• _About this task_
Check every line below for the string "left", and copy the lines that contain it.

• _Records to use_
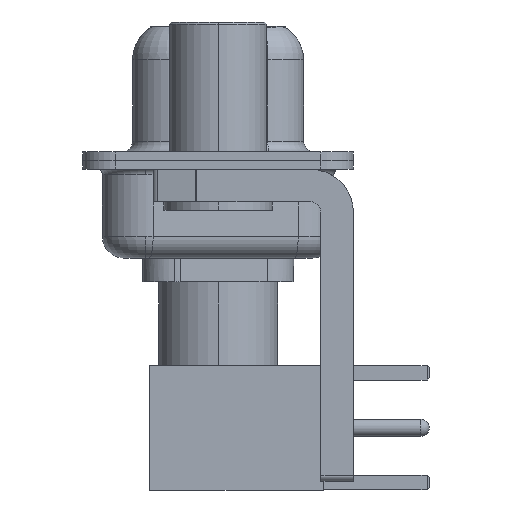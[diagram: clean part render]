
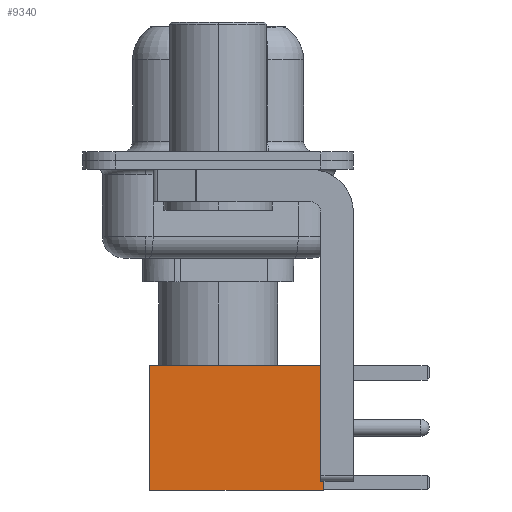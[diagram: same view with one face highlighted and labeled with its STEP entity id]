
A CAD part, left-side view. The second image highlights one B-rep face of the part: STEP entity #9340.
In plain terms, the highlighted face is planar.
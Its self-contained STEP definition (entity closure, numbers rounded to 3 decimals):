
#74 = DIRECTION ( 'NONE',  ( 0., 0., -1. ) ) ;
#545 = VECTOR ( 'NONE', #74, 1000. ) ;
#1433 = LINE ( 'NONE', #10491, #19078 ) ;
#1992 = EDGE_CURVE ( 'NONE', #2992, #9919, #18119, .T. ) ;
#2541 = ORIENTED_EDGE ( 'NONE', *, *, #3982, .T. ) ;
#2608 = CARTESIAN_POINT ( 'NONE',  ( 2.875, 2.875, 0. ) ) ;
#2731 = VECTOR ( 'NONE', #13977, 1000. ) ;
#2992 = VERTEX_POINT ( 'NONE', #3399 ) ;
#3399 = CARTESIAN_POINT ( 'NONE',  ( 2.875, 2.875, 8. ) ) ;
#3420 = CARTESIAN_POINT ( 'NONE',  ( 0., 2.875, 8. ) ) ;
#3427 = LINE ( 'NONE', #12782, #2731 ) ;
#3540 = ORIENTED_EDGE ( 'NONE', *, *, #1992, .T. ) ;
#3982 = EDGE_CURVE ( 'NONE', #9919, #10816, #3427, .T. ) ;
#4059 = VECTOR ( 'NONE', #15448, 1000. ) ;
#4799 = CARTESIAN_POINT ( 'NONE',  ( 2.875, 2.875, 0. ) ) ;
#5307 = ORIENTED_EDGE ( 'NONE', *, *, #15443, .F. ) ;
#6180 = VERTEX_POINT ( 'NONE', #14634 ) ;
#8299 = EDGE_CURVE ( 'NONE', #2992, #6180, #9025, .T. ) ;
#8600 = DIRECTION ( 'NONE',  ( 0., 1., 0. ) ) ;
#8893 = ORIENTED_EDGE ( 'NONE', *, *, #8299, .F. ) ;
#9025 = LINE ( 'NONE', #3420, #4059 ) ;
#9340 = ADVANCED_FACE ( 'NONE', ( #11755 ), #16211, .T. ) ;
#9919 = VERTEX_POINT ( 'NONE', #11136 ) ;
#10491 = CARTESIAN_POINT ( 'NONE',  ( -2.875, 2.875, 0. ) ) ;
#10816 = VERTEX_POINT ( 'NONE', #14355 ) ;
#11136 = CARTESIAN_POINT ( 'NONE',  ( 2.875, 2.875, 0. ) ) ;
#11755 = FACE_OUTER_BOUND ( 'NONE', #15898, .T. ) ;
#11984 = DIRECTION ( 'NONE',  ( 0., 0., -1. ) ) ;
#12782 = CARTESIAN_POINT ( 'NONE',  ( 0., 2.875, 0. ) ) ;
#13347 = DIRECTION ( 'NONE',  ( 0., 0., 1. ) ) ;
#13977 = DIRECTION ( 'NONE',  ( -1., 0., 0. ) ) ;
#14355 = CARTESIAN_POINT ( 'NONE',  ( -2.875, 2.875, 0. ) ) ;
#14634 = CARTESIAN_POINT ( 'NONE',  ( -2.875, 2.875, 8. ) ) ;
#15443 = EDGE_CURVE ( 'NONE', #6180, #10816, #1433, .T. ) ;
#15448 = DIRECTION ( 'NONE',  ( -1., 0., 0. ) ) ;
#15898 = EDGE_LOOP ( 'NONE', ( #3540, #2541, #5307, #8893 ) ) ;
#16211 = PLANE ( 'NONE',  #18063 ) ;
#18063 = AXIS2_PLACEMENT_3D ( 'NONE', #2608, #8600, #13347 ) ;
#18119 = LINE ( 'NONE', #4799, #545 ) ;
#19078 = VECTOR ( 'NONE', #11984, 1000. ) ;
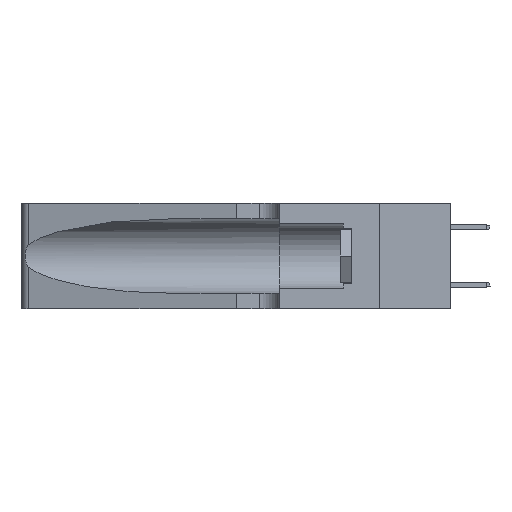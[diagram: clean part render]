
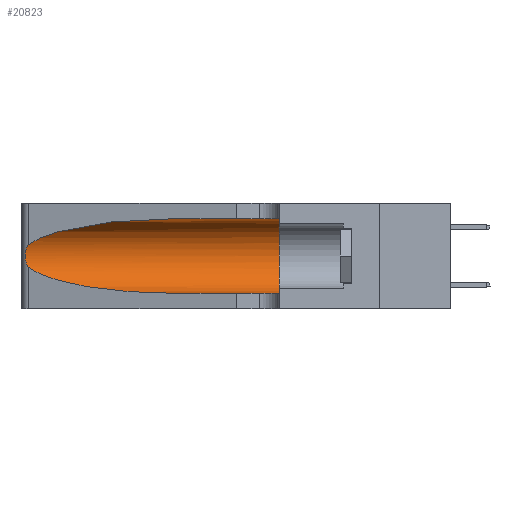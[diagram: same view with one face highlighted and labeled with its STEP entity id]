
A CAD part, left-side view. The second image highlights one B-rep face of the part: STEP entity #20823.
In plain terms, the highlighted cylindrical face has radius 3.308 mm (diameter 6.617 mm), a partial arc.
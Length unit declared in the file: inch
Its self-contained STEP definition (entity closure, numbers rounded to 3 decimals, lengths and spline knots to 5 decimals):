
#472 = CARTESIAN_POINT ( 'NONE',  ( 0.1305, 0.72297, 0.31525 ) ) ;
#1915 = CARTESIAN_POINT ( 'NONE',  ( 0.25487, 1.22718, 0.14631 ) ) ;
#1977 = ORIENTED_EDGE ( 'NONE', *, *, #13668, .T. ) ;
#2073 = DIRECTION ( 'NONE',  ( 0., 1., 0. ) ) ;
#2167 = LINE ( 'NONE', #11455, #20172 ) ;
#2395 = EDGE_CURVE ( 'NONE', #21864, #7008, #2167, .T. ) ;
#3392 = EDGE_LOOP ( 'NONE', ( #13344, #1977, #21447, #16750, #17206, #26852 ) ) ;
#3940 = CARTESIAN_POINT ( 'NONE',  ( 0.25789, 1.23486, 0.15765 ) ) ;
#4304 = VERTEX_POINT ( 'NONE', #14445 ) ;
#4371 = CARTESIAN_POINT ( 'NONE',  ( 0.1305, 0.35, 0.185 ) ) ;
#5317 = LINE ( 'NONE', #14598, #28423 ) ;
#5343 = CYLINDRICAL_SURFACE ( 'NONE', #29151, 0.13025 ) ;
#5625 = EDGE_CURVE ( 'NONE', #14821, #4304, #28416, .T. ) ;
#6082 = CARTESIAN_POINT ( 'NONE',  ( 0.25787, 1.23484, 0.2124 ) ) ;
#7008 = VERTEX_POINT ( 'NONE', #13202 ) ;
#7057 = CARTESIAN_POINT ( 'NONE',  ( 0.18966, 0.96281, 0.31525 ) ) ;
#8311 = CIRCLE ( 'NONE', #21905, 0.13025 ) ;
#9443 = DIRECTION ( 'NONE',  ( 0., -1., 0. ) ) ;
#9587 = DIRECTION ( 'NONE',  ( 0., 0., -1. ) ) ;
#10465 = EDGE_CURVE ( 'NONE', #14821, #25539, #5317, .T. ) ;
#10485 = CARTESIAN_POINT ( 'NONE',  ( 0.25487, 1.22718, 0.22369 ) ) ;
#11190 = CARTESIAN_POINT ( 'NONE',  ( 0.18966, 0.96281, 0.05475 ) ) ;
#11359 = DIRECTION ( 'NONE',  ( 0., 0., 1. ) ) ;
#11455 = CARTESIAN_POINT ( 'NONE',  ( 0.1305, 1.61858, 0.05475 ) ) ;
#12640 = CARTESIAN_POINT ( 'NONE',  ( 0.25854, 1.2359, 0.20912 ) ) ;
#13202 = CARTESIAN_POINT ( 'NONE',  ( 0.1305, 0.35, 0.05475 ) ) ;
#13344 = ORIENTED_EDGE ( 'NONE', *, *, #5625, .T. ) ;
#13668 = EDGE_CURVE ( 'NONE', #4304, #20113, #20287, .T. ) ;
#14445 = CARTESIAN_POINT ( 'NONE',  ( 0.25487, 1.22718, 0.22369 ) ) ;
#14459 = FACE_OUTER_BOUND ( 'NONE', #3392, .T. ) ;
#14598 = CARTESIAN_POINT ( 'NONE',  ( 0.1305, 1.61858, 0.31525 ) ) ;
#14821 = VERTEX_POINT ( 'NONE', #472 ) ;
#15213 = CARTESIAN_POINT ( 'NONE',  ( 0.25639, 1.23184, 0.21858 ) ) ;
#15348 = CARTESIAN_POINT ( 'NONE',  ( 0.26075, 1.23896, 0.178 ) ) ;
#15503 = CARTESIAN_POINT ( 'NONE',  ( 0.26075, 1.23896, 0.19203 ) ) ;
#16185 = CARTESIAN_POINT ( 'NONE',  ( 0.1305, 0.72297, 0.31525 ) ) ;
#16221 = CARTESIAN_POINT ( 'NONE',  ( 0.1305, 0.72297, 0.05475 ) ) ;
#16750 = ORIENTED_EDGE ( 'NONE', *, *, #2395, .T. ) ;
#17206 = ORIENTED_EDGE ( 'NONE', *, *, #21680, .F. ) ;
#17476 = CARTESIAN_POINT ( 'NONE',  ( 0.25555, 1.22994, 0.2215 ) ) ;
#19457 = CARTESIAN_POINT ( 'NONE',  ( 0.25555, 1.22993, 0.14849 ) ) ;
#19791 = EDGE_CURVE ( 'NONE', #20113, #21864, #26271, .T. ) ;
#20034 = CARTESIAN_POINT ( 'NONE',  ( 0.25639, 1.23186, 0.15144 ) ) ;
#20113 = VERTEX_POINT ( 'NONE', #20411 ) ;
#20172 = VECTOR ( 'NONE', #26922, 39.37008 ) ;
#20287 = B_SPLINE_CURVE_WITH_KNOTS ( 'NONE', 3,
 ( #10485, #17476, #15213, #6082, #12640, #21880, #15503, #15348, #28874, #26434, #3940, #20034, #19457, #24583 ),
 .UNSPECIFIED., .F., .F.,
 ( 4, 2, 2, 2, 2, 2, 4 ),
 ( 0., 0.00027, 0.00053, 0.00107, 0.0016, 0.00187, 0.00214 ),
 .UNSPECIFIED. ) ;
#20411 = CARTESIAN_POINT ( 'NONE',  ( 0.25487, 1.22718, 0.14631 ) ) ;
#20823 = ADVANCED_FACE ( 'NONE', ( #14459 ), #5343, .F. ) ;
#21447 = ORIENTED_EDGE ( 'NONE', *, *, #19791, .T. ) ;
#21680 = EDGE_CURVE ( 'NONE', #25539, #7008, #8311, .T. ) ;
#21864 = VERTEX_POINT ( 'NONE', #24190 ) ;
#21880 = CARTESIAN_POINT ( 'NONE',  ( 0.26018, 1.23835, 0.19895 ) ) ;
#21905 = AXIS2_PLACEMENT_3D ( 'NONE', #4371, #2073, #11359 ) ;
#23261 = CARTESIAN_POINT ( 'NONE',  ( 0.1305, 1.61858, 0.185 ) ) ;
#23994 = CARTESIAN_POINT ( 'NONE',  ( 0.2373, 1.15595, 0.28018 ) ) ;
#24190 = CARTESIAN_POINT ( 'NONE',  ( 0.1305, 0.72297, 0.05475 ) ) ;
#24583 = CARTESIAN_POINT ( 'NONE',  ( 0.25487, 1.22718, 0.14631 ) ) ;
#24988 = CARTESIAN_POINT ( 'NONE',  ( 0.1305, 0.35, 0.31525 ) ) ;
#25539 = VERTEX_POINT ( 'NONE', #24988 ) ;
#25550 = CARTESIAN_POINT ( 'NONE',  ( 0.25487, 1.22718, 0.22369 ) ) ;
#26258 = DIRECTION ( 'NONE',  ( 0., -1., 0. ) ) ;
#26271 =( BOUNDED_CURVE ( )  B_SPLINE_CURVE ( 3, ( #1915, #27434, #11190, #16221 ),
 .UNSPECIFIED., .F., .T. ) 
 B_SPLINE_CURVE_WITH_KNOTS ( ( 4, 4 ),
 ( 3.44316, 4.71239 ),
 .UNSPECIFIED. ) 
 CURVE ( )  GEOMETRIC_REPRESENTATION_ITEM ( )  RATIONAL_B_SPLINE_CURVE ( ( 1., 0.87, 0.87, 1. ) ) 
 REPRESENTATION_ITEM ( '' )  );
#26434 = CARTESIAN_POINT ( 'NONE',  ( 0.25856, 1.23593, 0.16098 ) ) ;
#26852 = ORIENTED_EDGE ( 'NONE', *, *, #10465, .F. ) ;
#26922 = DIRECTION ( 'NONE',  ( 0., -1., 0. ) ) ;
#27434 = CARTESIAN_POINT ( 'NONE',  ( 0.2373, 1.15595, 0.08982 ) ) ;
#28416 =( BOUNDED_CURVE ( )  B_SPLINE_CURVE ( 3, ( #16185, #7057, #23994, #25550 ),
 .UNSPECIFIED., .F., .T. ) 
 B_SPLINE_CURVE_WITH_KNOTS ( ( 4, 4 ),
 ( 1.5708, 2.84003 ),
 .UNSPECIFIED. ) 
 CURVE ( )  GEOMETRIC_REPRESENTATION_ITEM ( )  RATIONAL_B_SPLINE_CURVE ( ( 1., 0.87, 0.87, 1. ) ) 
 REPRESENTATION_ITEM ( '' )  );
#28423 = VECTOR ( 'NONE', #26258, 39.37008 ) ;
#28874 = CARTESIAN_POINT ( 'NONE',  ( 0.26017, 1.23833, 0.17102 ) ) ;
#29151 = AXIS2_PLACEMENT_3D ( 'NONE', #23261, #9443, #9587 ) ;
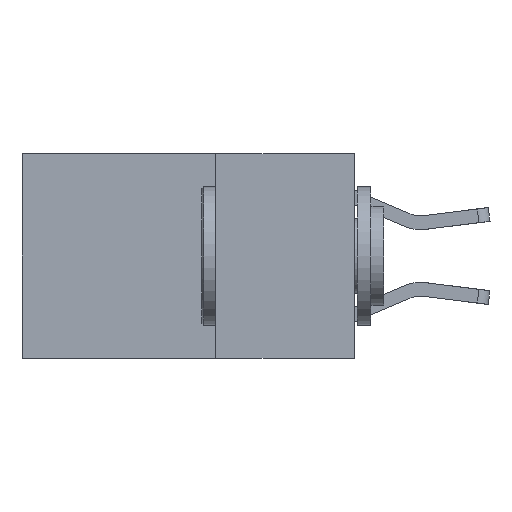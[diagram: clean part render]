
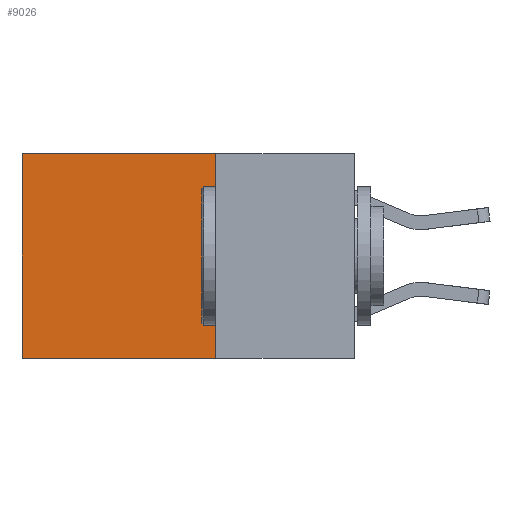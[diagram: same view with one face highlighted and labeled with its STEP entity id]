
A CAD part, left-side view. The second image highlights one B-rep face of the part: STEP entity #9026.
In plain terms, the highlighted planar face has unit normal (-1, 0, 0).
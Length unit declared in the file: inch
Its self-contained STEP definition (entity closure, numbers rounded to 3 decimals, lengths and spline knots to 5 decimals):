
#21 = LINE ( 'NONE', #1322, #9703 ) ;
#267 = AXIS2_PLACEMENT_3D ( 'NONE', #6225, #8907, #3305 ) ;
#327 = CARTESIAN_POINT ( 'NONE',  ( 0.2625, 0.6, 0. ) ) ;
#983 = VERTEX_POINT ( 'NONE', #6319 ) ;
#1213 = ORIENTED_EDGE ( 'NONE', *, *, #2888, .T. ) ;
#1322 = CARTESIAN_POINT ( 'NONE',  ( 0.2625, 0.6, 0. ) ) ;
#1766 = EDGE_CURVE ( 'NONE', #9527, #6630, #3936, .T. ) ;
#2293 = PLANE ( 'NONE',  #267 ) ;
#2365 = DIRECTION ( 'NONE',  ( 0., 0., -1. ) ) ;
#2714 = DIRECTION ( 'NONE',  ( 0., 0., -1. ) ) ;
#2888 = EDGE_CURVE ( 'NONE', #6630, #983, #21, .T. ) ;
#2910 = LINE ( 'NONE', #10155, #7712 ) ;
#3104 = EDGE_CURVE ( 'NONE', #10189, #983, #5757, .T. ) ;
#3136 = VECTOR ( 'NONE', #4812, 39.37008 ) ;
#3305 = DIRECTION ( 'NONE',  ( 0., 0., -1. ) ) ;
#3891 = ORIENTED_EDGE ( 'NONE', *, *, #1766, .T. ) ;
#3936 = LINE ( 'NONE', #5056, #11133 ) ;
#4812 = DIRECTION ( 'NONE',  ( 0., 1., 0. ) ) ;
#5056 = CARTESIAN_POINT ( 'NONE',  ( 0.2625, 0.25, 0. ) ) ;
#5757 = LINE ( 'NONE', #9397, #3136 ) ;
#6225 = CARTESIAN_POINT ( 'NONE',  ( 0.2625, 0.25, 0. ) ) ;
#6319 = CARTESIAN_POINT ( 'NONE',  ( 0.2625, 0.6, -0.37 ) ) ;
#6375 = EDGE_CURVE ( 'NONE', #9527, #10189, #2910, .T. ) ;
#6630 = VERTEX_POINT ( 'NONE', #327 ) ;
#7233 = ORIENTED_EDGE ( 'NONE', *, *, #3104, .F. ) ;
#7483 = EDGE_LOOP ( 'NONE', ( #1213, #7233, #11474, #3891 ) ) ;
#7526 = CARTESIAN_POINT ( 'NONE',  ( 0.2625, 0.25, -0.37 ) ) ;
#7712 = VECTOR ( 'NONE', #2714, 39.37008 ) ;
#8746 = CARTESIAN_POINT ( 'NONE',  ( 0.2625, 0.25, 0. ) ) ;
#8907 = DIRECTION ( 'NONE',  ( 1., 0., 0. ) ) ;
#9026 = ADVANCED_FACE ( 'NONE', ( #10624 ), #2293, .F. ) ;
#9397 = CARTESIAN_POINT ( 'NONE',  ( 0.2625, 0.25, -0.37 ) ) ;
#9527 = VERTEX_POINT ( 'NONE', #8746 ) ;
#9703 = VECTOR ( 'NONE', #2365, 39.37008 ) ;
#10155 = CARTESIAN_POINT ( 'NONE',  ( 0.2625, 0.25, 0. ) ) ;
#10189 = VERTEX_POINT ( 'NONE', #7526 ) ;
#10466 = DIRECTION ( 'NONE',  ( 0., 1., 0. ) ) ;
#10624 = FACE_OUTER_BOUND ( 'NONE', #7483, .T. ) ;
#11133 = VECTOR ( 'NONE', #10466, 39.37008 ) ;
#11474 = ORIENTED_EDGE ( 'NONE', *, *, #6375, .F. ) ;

• _Exercise solution_
A CAD part, left-side view. The second image highlights one B-rep face of the part: STEP entity #9340.
A CAD part, left-side view. The second image highlights one B-rep face of the part: STEP entity #20823.
A CAD part, left-side view. The second image highlights one B-rep face of the part: STEP entity #9026.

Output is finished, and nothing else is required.